2.2Het gaat in deze zaak om het volgende.
a. Tussen Unibail als verhuurder en Forecast als huurder bestaat een huurovereenkomst met betrekking tot bedrijfsruimte in het winkelcentrum Stadshart
Amstelveen, die is bestemd om te worden gebruikt als winkelruimte voor de verkoop van damesmode. De huur is aangevangen op 1 maart 1999 voor een periode van tien jaar en is naderhand verlengd tot en met 31 december 2014. Nadien wordt de overeenkomst in beginsel voortgezet voor aansluitende periodes van vijf jaar.
b. In artikel 3 van de toepasselijke algemene voorwaarden is bepaald dat huurder in het gehuurde daadwerkelijk zijn bedrijf dient uit te oefenen en het gehuurde overeenkomstig de bestemming dient in te richten en te gebruiken.
c. Bij brief gedateerd 24 december 2013, bij deurwaardersexploot van 30 december 2013 aan Forecast betekend, heeft Unibail de huurovereenkomst met inachtneming van een opzegtermijn van twaalf maanden opgezegd tegen 31 december 2014 met een beroep op dringend eigen gebruik in verband met de voorgenomen renovatie van het deel van het winkelcentrum waarvan het gehuurde deel uitmaakt en de belangenafweging bedoeld in artikel 7:296 lid 3 BW. In de brief is vermeld dat Unibail graag in overleg treedt over de mogelijkheden voor het aanbieden van vervangende huurruimte in het winkelcentrum en bereid is de wettelijke vergoeding als bedoeld in artikel 7:297 BW te betalen. Verzocht wordt om binnen zes weken na dagtekening van de brief te berichten of wordt ingestemd met huurbeëindiging.
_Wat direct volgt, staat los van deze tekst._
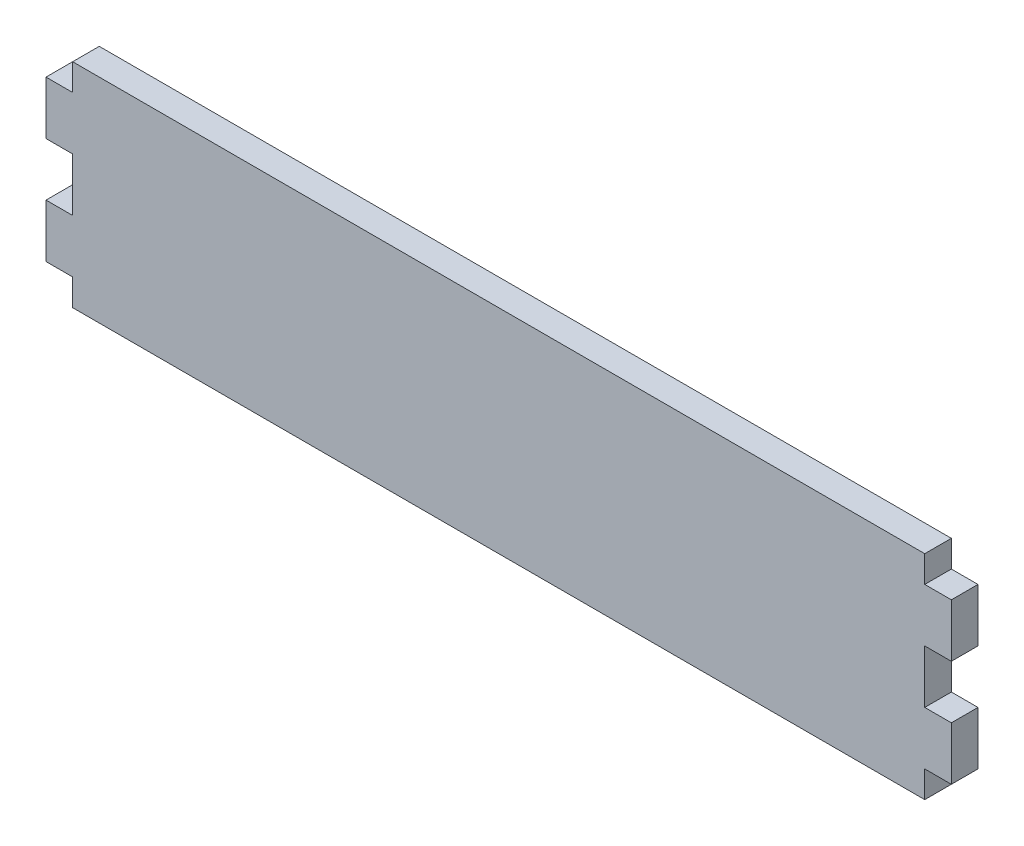
SolidWorks part; units mm, degrees
ref_plane "Front Plane" through (0, 0, 0) normal (0, 0, 1) x (1, 0, 0)
ref_plane "Top Plane" through (0, 0, 0) normal (0, 1, 0) x (1, 0, 0)
ref_plane "Right Plane" through (0, 0, 0) normal (1, 0, 0) x (0, 0, -1)
sketch "Sketch1" plane through (0, 0, 0) normal (0, 0, 1) x (1, 0, 0)
  line L0 (0, 20) -> (0, 0) construction
  line L1 (-40, 0) -> (40, 0)
  line L2 (40, 7.5) -> (40, 12.5)
  line L3 (-40, 20) -> (40, 20)
  line L4 (40, 0) -> (40, 2.5)
  line L5 (40, 17.5) -> (42.5, 17.5)
  line L6 (-40, 17.5) -> (-40, 20)
  line L7 (40, 12.5) -> (42.5, 12.5)
  line L8 (42.5, 17.5) -> (42.5, 12.5)
  line L9 (40, 7.5) -> (42.5, 7.5)
  line L10 (-42.5, 7.5) -> (-42.5, 2.5)
  line L11 (40, 2.5) -> (42.5, 2.5)
  line L12 (42.5, 7.5) -> (42.5, 2.5)
  line L13 (40, 17.5) -> (40, 20)
  line L14 (-40, 2.5) -> (-42.5, 2.5)
  line L15 (-40, 7.5) -> (-42.5, 7.5)
  line L16 (-42.5, 17.5) -> (-42.5, 12.5)
  line L17 (-40, 12.5) -> (-42.5, 12.5)
  line L18 (-40, 17.5) -> (-42.5, 17.5)
  line L19 (-40, 0) -> (-40, 2.5)
  line L20 (-40, 7.5) -> (-40, 12.5)
  dimension "D1" = 40
  dimension "D2" = 20
  dimension "D3" = 2.5
  dimension "D4" = 2.5
  dimension "D5" = 5
  dimension "D6" = 5
extrude "Boss-Extrude1" add sketch "Sketch1" along normal blind 2.5
equation "\"t\"=2.5"
equation "\"D3@Sketch1\"=\"t\""
equation "\"D1@Boss-Extrude1\"=\"t\""
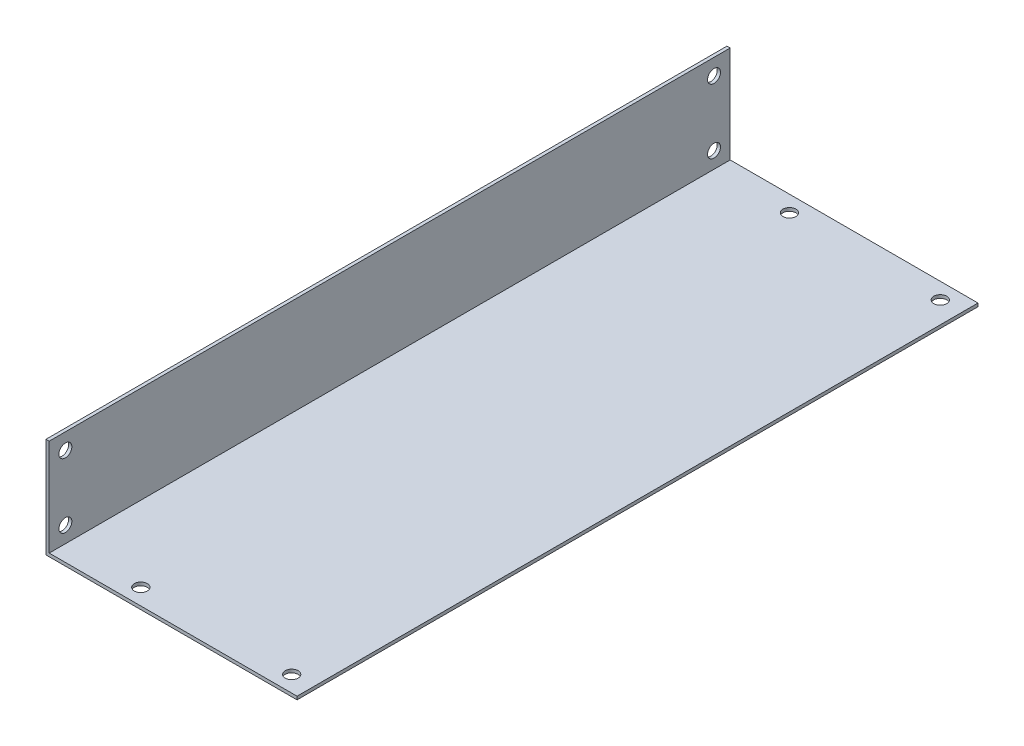
SolidWorks part; units mm, degrees
ref_plane "Front Plane" through (0, 0, 0) normal (0, 0, 1) x (1, 0, 0)
ref_plane "Top Plane" through (0, 0, 0) normal (0, 1, 0) x (1, 0, 0)
ref_plane "Right Plane" through (0, 0, 0) normal (1, 0, 0) x (0, 0, -1)
sketch "Sketch1" plane through (0, 0, 0) normal (0, 0, 1) x (1, 0, 0)
  line L0 (0, 0) -> (0, -46.5)
  line L1 (0, -46.5) -> (116.5, -46.5)
  line L2 (116.5, -46.5) -> (116.5, -45)
  line L3 (116.5, -45) -> (1.5, -45)
  line L4 (1.5, -45) -> (1.5, 0)
  line L5 (1.5, 0) -> (0, 0)
  dimension "D1" = 1.5
  dimension "D2" = 1.5
  dimension "D3" = 116.5
  dimension "D4" = 46.5
extrude "Boss-Extrude1" add sketch "Sketch1" along normal blind 316
sketch "Sketch2" plane through (0, 0, 0) normal (-1, 0, 0) x (0, 0, 1)
  line L0 (0, -23.25) -> (4.5, -23.25) construction
  line L1 (0, 0) -> (0, -46.5) construction
  line L2 (316, 0) -> (316, -46.5) construction
  line L3 (158, 0) -> (158, -46.5) construction
  line L4 (316, 0) -> (0, 0) construction
  line L5 (316, -46.5) -> (0, -46.5) construction
  line L6 (10.5, -23.25) -> (316, -23.25) construction
  circle A2 centre (7.5, -7.5) radius 3
  circle A3 centre (7.5, -37.5) radius 3
  circle A4 centre (308.5, -37.5) radius 3
  circle A5 centre (308.5, -7.5) radius 3
  dimension "D2" = 7.5
  dimension "D5" = 6
  dimension "D6" = 6
  dimension "D1" = 7.5
  dimension "D3" = 9
  dimension "D4" = 7.5
extrude "Cut-Extrude1" cut sketch "Sketch2" against normal up to next
sketch "Sketch3" plane through (0, -46.5, 0) normal (0, -1, 0) x (1, 0, 0)
  line L0 (0, 158) -> (116.5, 158) construction
  line L1 (0, 316) -> (0, 0) construction
  line L2 (116.5, 316) -> (116.5, 0) construction
  line L3 (0, 308.5) -> (116.5, 308.5) construction
  line L4 (0, 7.5) -> (116.5, 7.5) construction
  line L5 (0, 316) -> (116.5, 316) construction
  circle A0 centre (106.5, 308.5) radius 3
  circle A1 centre (36.5, 308.5) radius 3
  circle A2 centre (106.5, 7.5) radius 3
  circle A3 centre (36.5, 7.5) radius 3
  dimension "D2" = 6
  dimension "D3" = 80
  dimension "D1" = 7.5
  dimension "D4" = 10
extrude "Cut-Extrude2" cut sketch "Sketch3" against normal up to next

d. Naar aanleiding van de opzegging zijn partijen in overleg getreden over een eventuele tijdelijke huur van de bedrijfsruimte met de mogelijkheid van tussentijdse opzegging en een beëindigingsvergoeding. Per e-mail van 25 juli 2014 heeft Unibail een vergoeding aangeboden van € 50.000,= voor ieder jaar dat de bedrijfsruimte na 1 januari 2015 tijdelijk zou worden gehuurd.
e. Bij brief van 15 september 2014 heeft Forecast daarop gereageerd en meegedeeld dat zij bereid is mee te werken aan beëindiging van de huurovereenkomst per 30 september 2014 met een beëindigingsvergoeding van € 300.000,= exclusief btw onder de opschortende en ontbindende voorwaarde dat per 1 oktober 2014 een tijdelijke huurovereenkomst zou worden gesloten voor maximaal twee jaar met een opzegtermijn van twee maanden. Dit voorstel was geldig tot en met 23 september 2014. Op 1 oktober 2014 hebben partijen over dit voorstel een bespreking gevoerd.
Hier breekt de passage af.